We investigated the risk factors for in-hospital mortality in patients with HM who had CAP. Consistent with previous studies [25, 26], high SOFA scores and low platelet counts were found to be risk factors for in-hospital mortality in patients with HM who had CAP. In general, while the CURB-65 (confusion, uraemia, respiratory rate, blood pressure, age ≥ 65 years) criteria or pneumonia severity index (PSI) are commonly used to predict the prognosis of patients with pneumonia, previous studies have shown that they are not effective in immunocompromised patients with cancer [27]. Thus, we opted to use the SOFA score instead. Thrombocytopenia is also associated with the severity of and poor prognosis in patients with infections [28, 29]. Platelets play a role in inflammation and host defence mechanisms against microbial agents. Additionally, thrombocytopenia reflects bone marrow failure in patients with HM [30]. Therefore, thrombocytopenia could be a significant predictor of poor prognosis in patients with HM and CAP.

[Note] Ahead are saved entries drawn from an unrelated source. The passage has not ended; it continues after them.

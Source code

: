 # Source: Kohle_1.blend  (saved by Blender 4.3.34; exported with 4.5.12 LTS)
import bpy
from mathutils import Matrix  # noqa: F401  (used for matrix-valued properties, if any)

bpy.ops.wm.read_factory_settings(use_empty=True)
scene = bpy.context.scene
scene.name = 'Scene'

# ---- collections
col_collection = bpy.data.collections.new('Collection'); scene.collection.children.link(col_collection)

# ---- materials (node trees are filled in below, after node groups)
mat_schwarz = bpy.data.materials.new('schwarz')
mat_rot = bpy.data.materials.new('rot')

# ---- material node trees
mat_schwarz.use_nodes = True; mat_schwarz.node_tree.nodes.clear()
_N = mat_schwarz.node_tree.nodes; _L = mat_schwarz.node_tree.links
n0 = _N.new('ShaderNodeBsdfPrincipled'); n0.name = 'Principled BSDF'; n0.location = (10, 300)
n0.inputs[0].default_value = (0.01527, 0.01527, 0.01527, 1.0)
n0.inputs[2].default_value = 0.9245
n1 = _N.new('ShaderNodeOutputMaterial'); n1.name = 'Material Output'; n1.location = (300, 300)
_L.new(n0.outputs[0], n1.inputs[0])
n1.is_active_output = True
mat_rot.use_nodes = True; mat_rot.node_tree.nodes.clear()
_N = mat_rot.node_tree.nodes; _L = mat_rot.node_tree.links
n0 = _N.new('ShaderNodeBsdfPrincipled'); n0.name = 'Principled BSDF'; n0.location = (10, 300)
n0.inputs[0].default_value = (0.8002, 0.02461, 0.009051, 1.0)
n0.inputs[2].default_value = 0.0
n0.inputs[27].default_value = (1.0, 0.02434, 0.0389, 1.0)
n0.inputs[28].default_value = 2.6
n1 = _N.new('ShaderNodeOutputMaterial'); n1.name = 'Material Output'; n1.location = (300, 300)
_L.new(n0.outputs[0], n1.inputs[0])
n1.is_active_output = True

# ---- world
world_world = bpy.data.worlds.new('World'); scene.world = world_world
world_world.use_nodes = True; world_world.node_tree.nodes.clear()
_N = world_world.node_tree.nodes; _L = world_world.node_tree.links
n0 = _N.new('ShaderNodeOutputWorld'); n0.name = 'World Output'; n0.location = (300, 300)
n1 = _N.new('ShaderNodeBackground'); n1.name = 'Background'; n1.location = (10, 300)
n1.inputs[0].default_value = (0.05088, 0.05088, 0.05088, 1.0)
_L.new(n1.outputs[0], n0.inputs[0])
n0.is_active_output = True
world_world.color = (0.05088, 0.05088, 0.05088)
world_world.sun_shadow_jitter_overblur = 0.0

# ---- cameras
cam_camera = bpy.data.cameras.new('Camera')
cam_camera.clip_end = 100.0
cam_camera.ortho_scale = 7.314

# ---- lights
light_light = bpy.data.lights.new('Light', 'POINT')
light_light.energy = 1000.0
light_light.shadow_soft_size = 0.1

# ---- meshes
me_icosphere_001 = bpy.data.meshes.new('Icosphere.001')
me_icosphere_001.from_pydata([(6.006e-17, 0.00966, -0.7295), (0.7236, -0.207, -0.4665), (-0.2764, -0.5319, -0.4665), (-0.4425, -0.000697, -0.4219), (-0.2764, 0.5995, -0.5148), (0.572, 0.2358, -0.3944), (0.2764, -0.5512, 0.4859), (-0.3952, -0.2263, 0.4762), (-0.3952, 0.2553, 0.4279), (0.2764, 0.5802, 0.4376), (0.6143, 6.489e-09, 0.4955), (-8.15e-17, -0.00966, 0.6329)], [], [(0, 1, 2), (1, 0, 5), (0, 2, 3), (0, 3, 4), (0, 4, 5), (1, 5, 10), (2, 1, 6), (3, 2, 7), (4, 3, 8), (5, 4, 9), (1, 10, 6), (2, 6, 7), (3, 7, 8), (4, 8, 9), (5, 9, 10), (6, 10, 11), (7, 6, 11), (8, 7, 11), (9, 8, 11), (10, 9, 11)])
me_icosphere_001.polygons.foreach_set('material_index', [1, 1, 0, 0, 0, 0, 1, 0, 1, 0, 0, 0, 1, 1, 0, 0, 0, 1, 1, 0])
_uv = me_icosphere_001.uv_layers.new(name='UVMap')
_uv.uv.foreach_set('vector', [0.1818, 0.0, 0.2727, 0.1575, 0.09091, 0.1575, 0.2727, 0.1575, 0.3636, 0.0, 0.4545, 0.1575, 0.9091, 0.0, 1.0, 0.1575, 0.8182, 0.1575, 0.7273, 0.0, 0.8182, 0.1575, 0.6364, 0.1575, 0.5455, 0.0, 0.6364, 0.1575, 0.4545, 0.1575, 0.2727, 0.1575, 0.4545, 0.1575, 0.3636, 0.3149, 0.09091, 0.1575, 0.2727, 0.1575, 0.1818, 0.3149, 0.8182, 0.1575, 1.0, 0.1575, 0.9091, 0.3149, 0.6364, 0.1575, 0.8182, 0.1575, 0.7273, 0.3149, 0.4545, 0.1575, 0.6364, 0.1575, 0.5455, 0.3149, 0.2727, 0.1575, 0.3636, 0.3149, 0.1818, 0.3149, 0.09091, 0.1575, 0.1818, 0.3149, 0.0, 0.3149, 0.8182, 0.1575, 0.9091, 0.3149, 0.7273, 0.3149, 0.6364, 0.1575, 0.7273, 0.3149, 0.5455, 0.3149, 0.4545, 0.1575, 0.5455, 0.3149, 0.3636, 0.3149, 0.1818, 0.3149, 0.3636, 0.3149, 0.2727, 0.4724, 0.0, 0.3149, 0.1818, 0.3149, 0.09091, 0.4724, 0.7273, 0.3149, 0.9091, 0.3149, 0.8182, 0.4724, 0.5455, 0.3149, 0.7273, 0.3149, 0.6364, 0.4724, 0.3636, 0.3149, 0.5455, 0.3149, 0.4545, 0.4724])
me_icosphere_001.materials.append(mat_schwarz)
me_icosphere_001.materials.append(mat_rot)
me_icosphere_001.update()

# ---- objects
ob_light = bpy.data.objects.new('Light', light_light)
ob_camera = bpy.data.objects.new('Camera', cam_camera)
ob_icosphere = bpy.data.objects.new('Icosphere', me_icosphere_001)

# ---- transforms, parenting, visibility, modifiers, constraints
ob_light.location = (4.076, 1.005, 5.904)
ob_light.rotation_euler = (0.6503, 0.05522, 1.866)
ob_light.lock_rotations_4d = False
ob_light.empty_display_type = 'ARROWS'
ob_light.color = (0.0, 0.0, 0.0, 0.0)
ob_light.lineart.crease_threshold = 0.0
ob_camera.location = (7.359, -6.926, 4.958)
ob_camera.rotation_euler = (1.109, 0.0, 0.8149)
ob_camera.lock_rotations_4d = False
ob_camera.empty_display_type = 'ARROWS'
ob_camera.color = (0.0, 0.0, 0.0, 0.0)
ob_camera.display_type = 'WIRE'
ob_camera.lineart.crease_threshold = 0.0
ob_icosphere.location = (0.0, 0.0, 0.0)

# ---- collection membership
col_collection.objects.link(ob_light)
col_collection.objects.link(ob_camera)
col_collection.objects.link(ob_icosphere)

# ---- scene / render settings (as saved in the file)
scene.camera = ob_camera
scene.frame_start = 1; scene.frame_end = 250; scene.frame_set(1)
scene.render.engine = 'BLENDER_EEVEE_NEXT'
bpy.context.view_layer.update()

This study has several limitations. First, its retrospective design and single-centre implementation may introduce a selection bias, potentially affecting the significance of our findings. Nevertheless, we meticulously examined all admitted patients with CAP who underwent BRS in this single, large, 4-year cohort with consistent treatment protocols. The objective of our study was to assess the impact of the COVID-19 pandemic on the changing pattern of aetiology of CAP in patients with HM; thus, the setting of this study did not significantly deviate from that of a prospective observational study. Second, conducting a single-centre study may have had limitations in determining the overall aetiology of CAP in all patients with HM. However, this institution serves as the largest Asian centre for haematological disorders, performing over 500 bone marrow transplantations annually. Therefore, these data can be considered reasonably representative. Third, patients’ COVID-19 histories were not investigated. Previous studies reported that COVID-19 is a risk factor for bacterial or fungal co-infections and can play a significant role in patient prognosis [31, 32]. However, due to the retrospective nature of the study, it was not possible to conduct an investigation. Additional studies are needed to evaluate the impact of a COVID-19 history on the prognosis of patients with CAP and HM.